The goal, adds Jillian Phallen, a graduate student at the Johns Hopkins Kimmel Cancer Center who was involved in the research, was to develop a screening test that is highly specific for cancer and accurate enough to detect the cancer when present, while reducing the risk of “false positive” results that often lead to unnecessary over-testing and over-treatment.

To develop the new test, Velculescu, Phallen and their colleagues obtained blood samples from 200 patients with breast, lung, ovarian, and colorectal cancer. The scientists’ blood test screened the patients’ blood samples for mutations within 58 genes widely linked to various cancers.

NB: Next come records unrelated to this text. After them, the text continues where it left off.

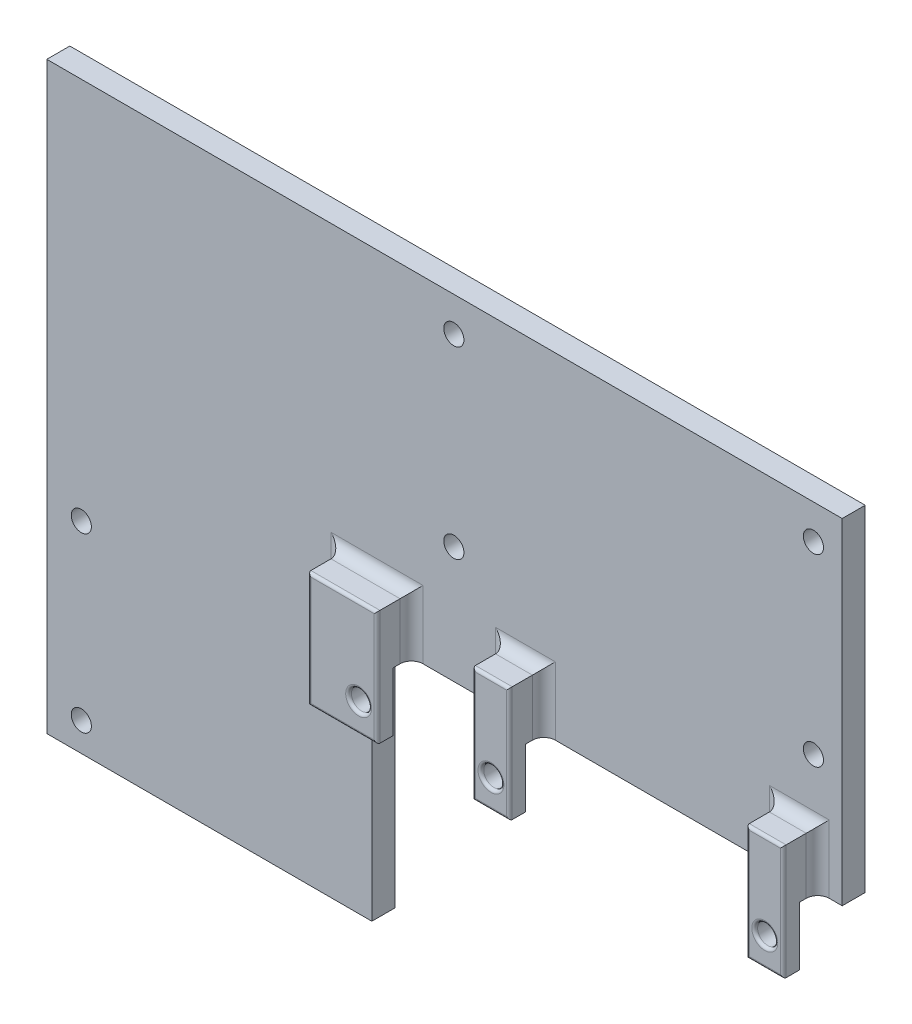
from build123d import *

# Parameters (mm, degrees)
SKETCH_1_W          = 138.25
SKETCH_1_H          = 101.5
EXTRUDE_1_DEPTH     = 4
SKETCH_2_W          = 81.75
SKETCH_2_H          = 43.2
CUT_EXTRUDE_1_DEPTH = 5
SKETCH_3_R          = 1.75
CUT_EXTRUDE_2_DEPTH = 5
SKETCH_4_W          = 6.4
SKETCH_4_H          = 20
SKETCH_4_R          = 1.75
SKETCH_4_W_2        = 12
EXTRUDE_6_DEPTH     = 6
FILLET_3_R          = 2
SKETCH_5_W          = 3.2
SKETCH_5_H          = 10.2
CUT_EXTRUDE_3_DEPTH = 81.75
FILLET_4_R          = 0.5


with BuildPart() as part:
    # ｽｹｯﾁ1 → ﾎﾞｽ - 押し出し1 (new body)
    with BuildSketch(Plane.XY):
        Rectangle(SKETCH_1_W, SKETCH_1_H)
    extrude(amount=EXTRUDE_1_DEPTH)

    # ｽｹｯﾁ2 → ｶｯﾄ - 押し出し1 (cut, through all)
    with BuildSketch(Plane.XY.offset(4)):
        with Locations((28.25, -29.15)):
            Rectangle(SKETCH_2_W, SKETCH_2_H)
    extrude(amount=-CUT_EXTRUDE_1_DEPTH, mode=Mode.SUBTRACT)

    # ｽｹｯﾁ3 → ｶｯﾄ - 押し出し2 (cut, through all)
    with BuildSketch(Plane.XY.offset(4)):
        with Locations((-63.125, -45.75)):
            Circle(SKETCH_3_R)
        with Locations((-63.125, -15.75)):
            Circle(SKETCH_3_R)
        with Locations((64.125, 44.75)):
            Circle(SKETCH_3_R)
        with Locations((64.125, 12.75)):
            Circle(SKETCH_3_R)
        with Locations((1.625, 44.75)):
            Circle(SKETCH_3_R)
        with Locations((1.625, 12.75)):
            Circle(SKETCH_3_R)
    extrude(amount=-CUT_EXTRUDE_2_DEPTH, mode=Mode.SUBTRACT)

    # ｽｹｯﾁ4 → ﾎﾞｽ - 押し出し6 (add)
    with BuildSketch(Plane.XY.offset(4)):
        with Locations((61.675, -7.75)):
            Rectangle(SKETCH_4_W, SKETCH_4_H)
        with Locations((61.675, -12.75)):
            Circle(SKETCH_4_R, mode=Mode.SUBTRACT)
        with Locations((14.075, -7.75)):
            Rectangle(SKETCH_4_W, SKETCH_4_H)
        with Locations((14.075, -12.75)):
            Circle(SKETCH_4_R, mode=Mode.SUBTRACT)
        with Locations((-11.725, -7.75)):
            Rectangle(SKETCH_4_W_2, SKETCH_4_H)
        with Locations((-8.925, -12.75)):
            Circle(SKETCH_4_R, mode=Mode.SUBTRACT)
    extrude(amount=EXTRUDE_6_DEPTH)

    # ﾌｨﾚｯﾄ3
    fillet_3_edges = [part.edges().sort_by_distance(p)[0] for p in [
        (64.875, -2.65, 4),
        (61.675, 2.25, 4),
        (58.475, -2.65, 4),
        (17.275, -2.65, 4),
        (14.075, 2.25, 4),
        (10.875, -2.65, 4),
        (-5.725, -2.65, 4),
        (-11.725, 2.25, 4),
        (-17.725, -7.75, 4),
    ]]
    fillet(fillet_3_edges, radius=FILLET_3_R)

    # ｽｹｯﾁ5 → ｶｯﾄ - 押し出し3 (cut)
    with BuildSketch(Plane(origin=(69.125, 0, 0), x_dir=(0, 0, -1), z_dir=(1, 0, 0))):
        with Locations((-5.6, -12.65)):
            Rectangle(SKETCH_5_W, SKETCH_5_H)
    extrude(amount=-CUT_EXTRUDE_3_DEPTH, mode=Mode.SUBTRACT)

    # ﾌｨﾚｯﾄ4
    fillet_4_edges = [part.edges().sort_by_distance(p)[0] for p in [
        (64.875, -7.75, 10),
        (61.675, 2.25, 10),
        (58.475, -7.75, 10),
        (61.675, -17.75, 10),
        (59.925, -12.75, 10),
        (17.275, -7.75, 10),
        (14.075, 2.25, 10),
        (10.875, -7.75, 10),
        (14.075, -17.75, 10),
        (12.325, -12.75, 10),
        (-5.725, -7.75, 10),
        (-11.725, 2.25, 10),
        (-17.725, -7.75, 10),
        (-11.725, -17.75, 10),
        (-10.675, -12.75, 10),
    ]]
    fillet(fillet_4_edges, radius=FILLET_4_R)


solid = part.part

Among 42 people with colorectal cancer, the test correctly predicted cancer in 50 percent of patients with stage I, 89 percent of patients with stage II, 90 percent of patients with stage III, and 93 percent of patients with stage IV disease. For patients with lung cancer, the test correctly identified cancer among 45 percent of patients with stage I disease, 72 percent with stage II disease, 75 percent with stage III, and 83 percent with stage IV cancer. For 42 patients with ovarian cancer, the test identified 67 percent with stage I, 75 percent with stage II, 75 percent with stage III, and 83 percent with stage IV disease. Among 45 breast cancer patients, the test spotted cancer-derived mutations in 67 percent of patients with stage I disease, 59 percent with stage II, and 46 percent with stage III cancers.

Overall, the scientists were able to detect 86 of 138—62 percent—stage I and II cancers, and found none of the cancer-derived mutations among blood samples of 44 healthy individuals.

Despite these initial promising results for early detection, the blood test needs to be validated in studies of much larger numbers of people, say the scientists.

Velculescu and his team also performed independent genomic sequencing on available tumors removed from 100 of the 200 patients with cancer and found that 82 percent had mutations in their tumors that correlated with the genetic alterations found in the blood.

He says the populations that could benefit most from such a DNA-based blood test include those at high risk for cancer, including smokers, for whom standard computed tomography scans for identifying lung cancer often lead to false positives, and women with hereditary mutations for breast and ovarian cancer within BRCA1 and BRCA2 genes.